Low-cost, long-haul air travel has taken off across the Atlantic. Transatlantic routes are among the industry’s most popular and profitable, and budget carriers are trying to grab a slice of that business by boosting capacity on them by 68 percent this summer.
And that means the flying public may see price wars. Like Boston to London, round trip for under $300. Norwegian Air Shuttle and Icelandic rival Wow have grabbed headlines with one-way fares as low as $69 and $55 this summer, although Wow’s flights involve a stop in Reykjavik.
Lufthansa’s Eurowings budget carrier is in its second year of long-haul flying, while Air France is planning to launch a lower-cost long haul brand this fall in a project dubbed Boost. International Airlines Group launched low-cost long-haul brand Level on Thursday with surprisingly strong ticket sales.
Toshiba aims to name a winner for its prized semiconductor business next week. Sources told Reuters the choice has narrowed to one bid from U.S. chipmaker Broadcom and U.S. tech fund Silver Lake and another from Toshiba chip partner Western Digital and Japanese government-related investors.

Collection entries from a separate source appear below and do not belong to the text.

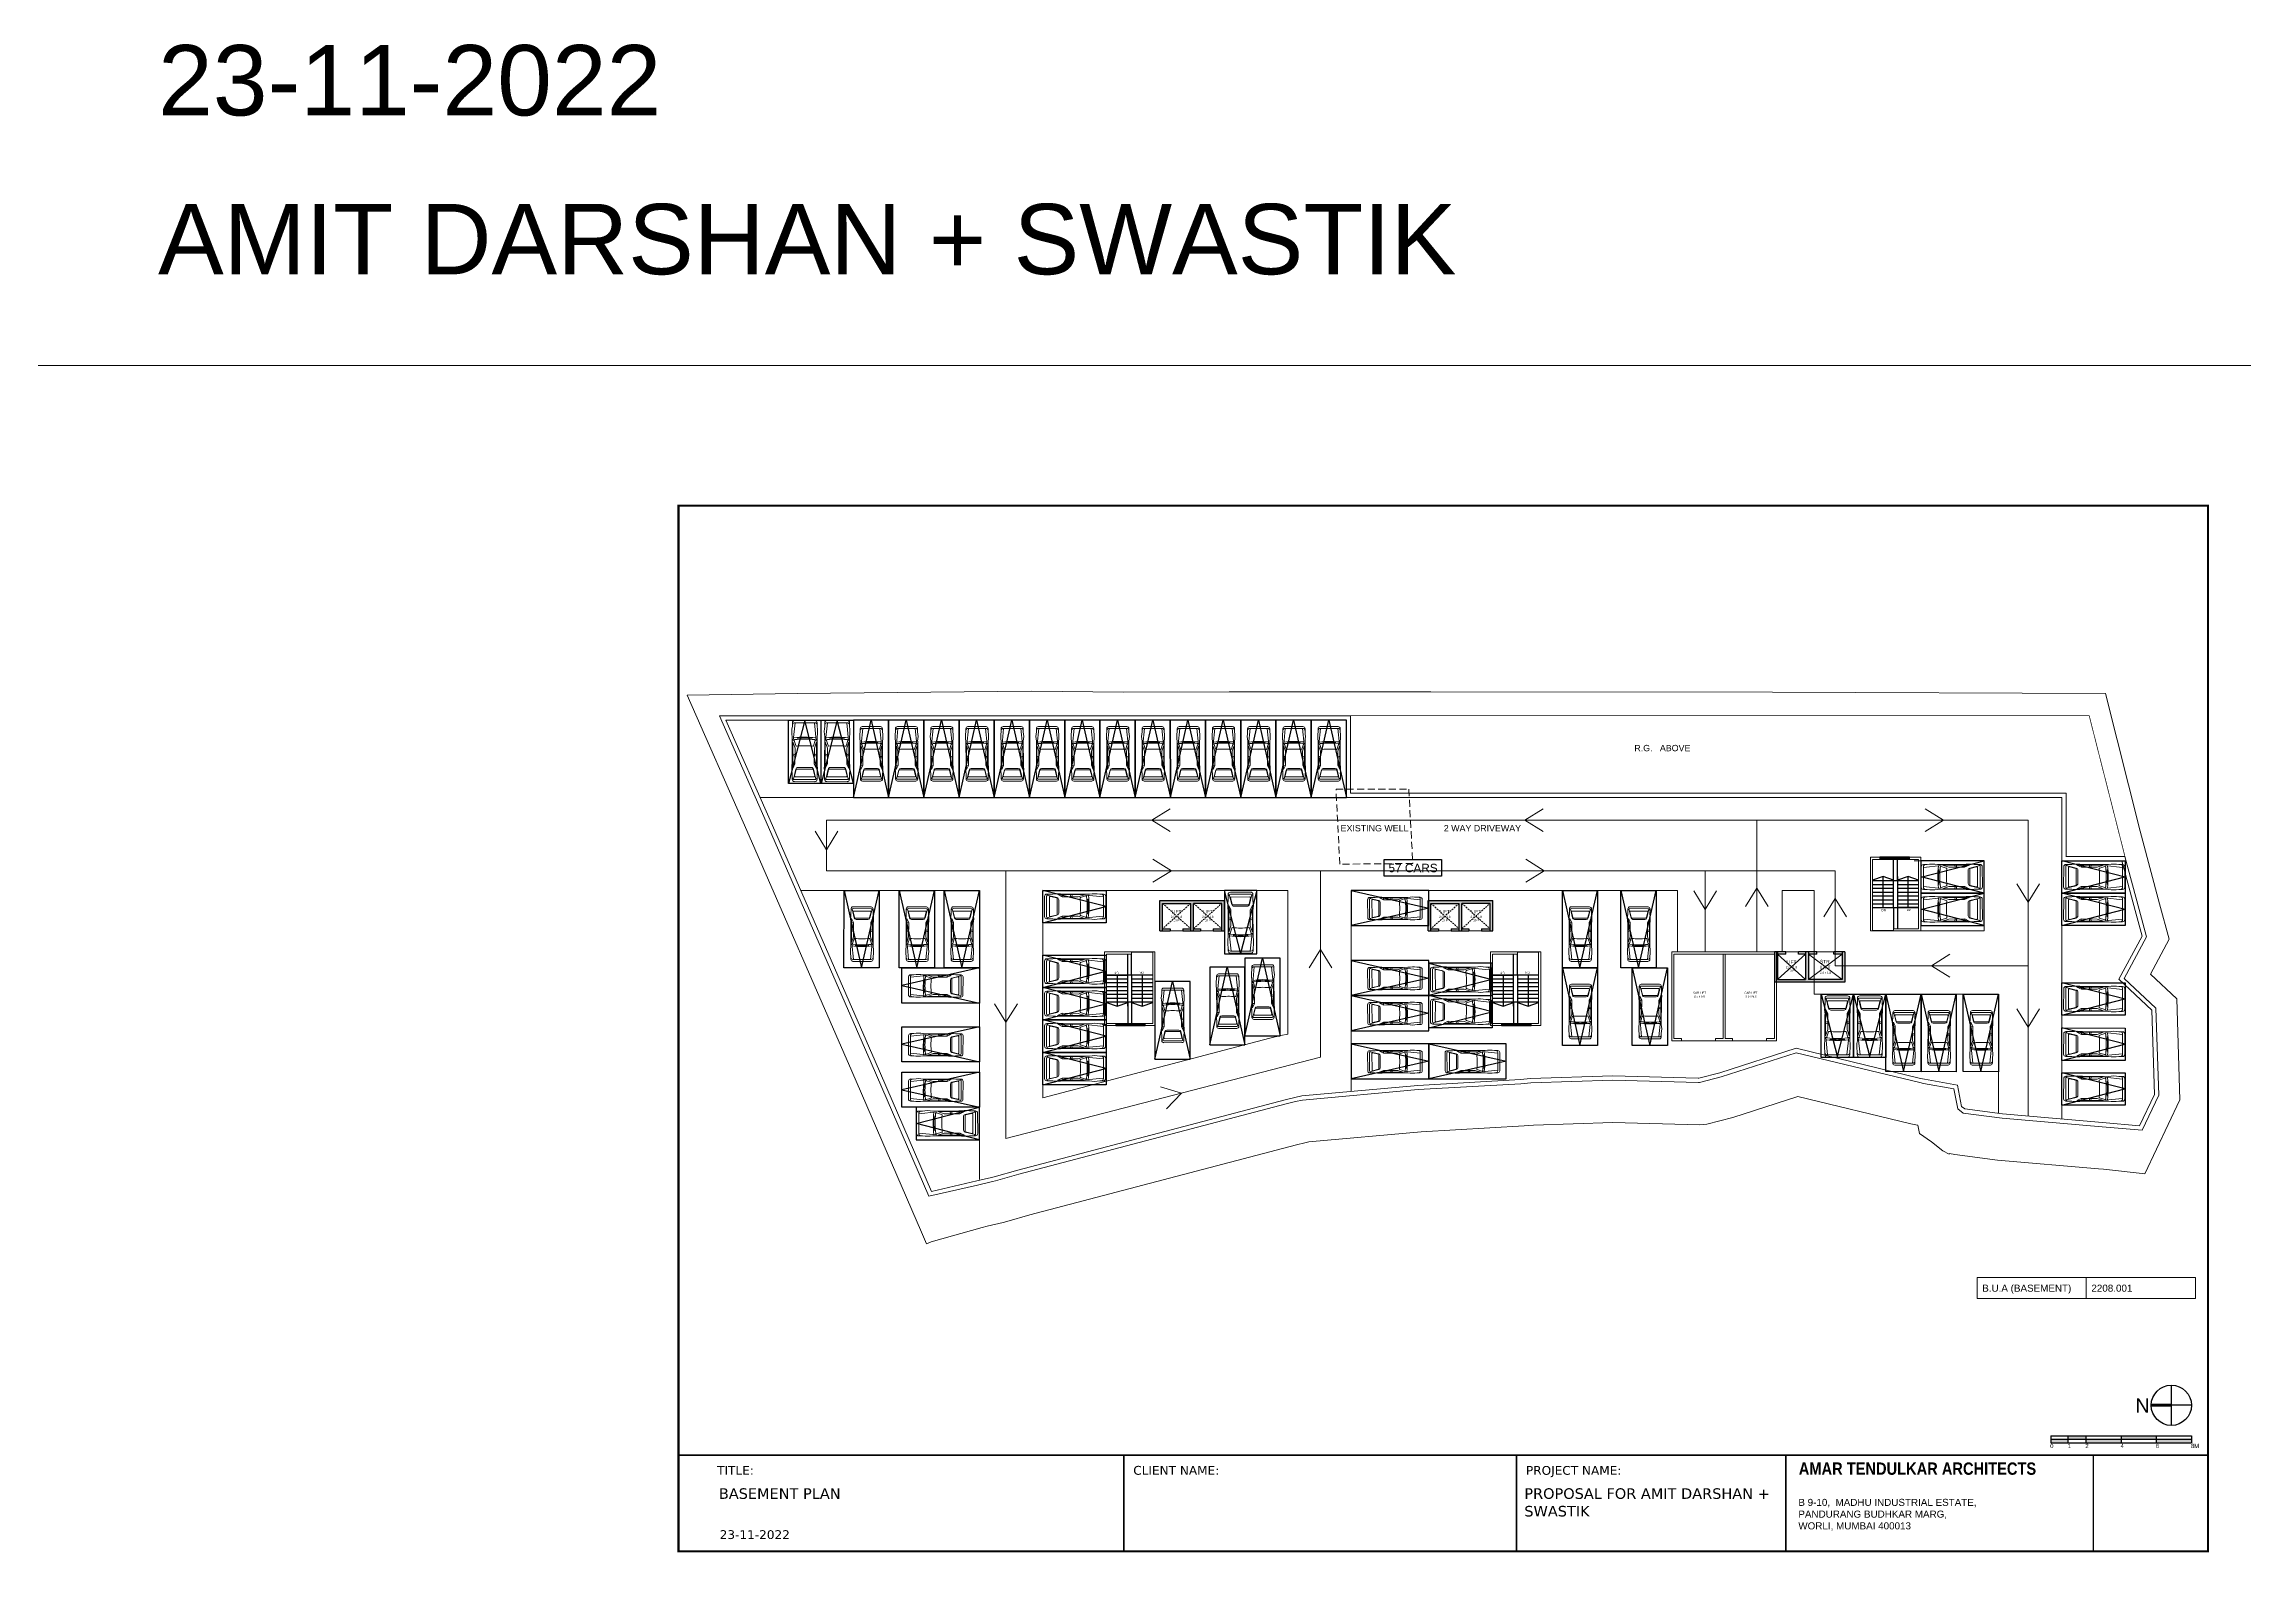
# Model space of a CAD drawing. Header units: inches. Extents: x 27644242 to 29761523, y -859349 to 216979.
# Drawn here: x 28973156 to 29129340, y -290204 to -181205 of the extents above; entities that cross this region are included whole.
import ezdxf

# ---------------------------------------------------------------- set-up
doc = ezdxf.new("R2010")
doc.units = ezdxf.units.IN
doc.header["$MEASUREMENT"] = 0
doc.header["$XCLIPFRAME"] = 0
doc.linetypes.add('DASHED', pattern=[0.75, 0.5, -0.25])
doc.linetypes.add('HIDDEN', pattern=[0.375, 0.25, -0.125])
doc.layers.get('Defpoints').update_dxf_attribs({"color": 8})
for name, color, linetype, lineweight in [('AHC-A-COLUMN', 210, 'Continuous', 30), ('AHC-A-DUCT', 14, 'HIDDEN', 5), ('ATA_FORMAT', 7, 'Continuous', 50), ('CAR', 251, 'Continuous', 18), ('CAR BLOCKS', 1, 'Continuous', 13), ('Columns', 1, 'Continuous', 25), ('ELEVATION', 40, 'Continuous', 13), ('FURN', 250, 'Continuous', 0), ('RVA Site Boundary', 17, 'Continuous', 15), ('WALL', 7, 'Continuous', 20)]:
    doc.layers.add(name, color=color, linetype=linetype, lineweight=lineweight)
for name, color, linetype in [('ATA_FORMAT TEXT', 7, 'Continuous'), ('KPA Elevation Line 3', 252, 'Continuous'), ('KPA General Plan Line', 1, 'Continuous'), ('KPA Glass', 152, 'Continuous'), ('KPA Stair Line', 253, 'Continuous'), ('KPA Text', 7, 'Continuous'), ('text', 7, 'Continuous')]:
    doc.layers.add(name, color=color, linetype=linetype)
doc.styles.add('AMITS', font='arial.ttf')
doc.styles.add('arial', font='arial.ttf')
doc.styles.add('Notes', font='arial.ttf', dxfattribs={"height": 3})
doc.styles.get("Standard").update_dxf_attribs({"font": 'swiss.ttf'})
doc.styles.add('WORKING', font='arial.ttf')
picture_1 = doc.add_image_def('image1.jpg', size_in_pixel=(796, 763))

# ---------------------------------------------------------------- blocks, each defined once
blk = doc.blocks.new('NORTH')
blk.add_hatch(color=256).paths.add_polyline_path([(313536.2, 1906938.21), (313536.2, 1906943.89, -0.017603), (313536.6, 1906943.89), (313536.6, 1906938.21), (313536.4, 1906938.21)])
for p, q in [((313536.2, 1906938.21), (313536.2, 1906943.89)), ((313536.6, 1906938.21), (313536.6, 1906943.89)), ((313530.72, 1906938.21), (313542.08, 1906938.21)), ((313536.4, 1906932.53), (313536.4, 1906938.21))]:
    blk.add_line(p, q)
blk.add_circle((313536.4, 1906938.21), 5.68)
blk = doc.blocks.new('SCALE BAR 1-200_cad-block.com')
at = {"layer": 'ATA_FORMAT TEXT'}
h = blk.add_hatch(color=256, dxfattribs=at)
h.dxf.hatch_style = 1
h.paths.add_polyline_path([(200, 0), (150, 0), (150, -5), (200, -5)])
h.paths.add_polyline_path([(150, 5), (100, 5), (100, 0), (150, 0)])
h.paths.add_polyline_path([(100, 0), (50, 0), (50, -5), (100, -5)])
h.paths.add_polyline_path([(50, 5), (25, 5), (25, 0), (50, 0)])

Toshiba is rushing to find a buyer for the world’s second-largest producer of NAND chips, which it values at $18 billion or more, to cover billions of dollars in cost overruns at its now-bankrupt U.S. nuclear business Westinghouse Electric.
The British pound sterling gained ground today as the UK saw the final day of campaigning ahead of Thursday’s general election. Polls suggest that Theresa May’s Conservative Party hold a lead of around six points over Jeremy Corbyn’s Labour Party, although outliers suggest that lead could be as big as 12 points, or as small as one point.
While a big move in the price of sterling is expected once results start to come out on Thursday evening, investors in Britain’s currency were largely in wait and see mode ahead of the vote. The polls have been notoriously wrong in recent voting.
Yes, there’s a lot going on tomorrow, but don’t forget to keep an eye on Canada. The Bank of Canada will release its semi-annual Financial System Review and investors will be watching for what the central bank says about the nation’s red-hot housing market. Toronto home prices rose almost 30 percent last month from a year earlier.
In Vancouver, the country’s most expensive real estate market, they’ve climbed 58 percent over four years. Meanwhile, household debt is at record levels, surpassing gross domestic product for the first time. Fitch said Wednesday that banks with greater exposure to those two cities are more sensitive to a market correction.
In the last FSR in December, the Bank of Canada listed elevated household indebtedness, housing market imbalances and fixed-income liquidity as the three main risks to the financial system, and the focus should be similar this time.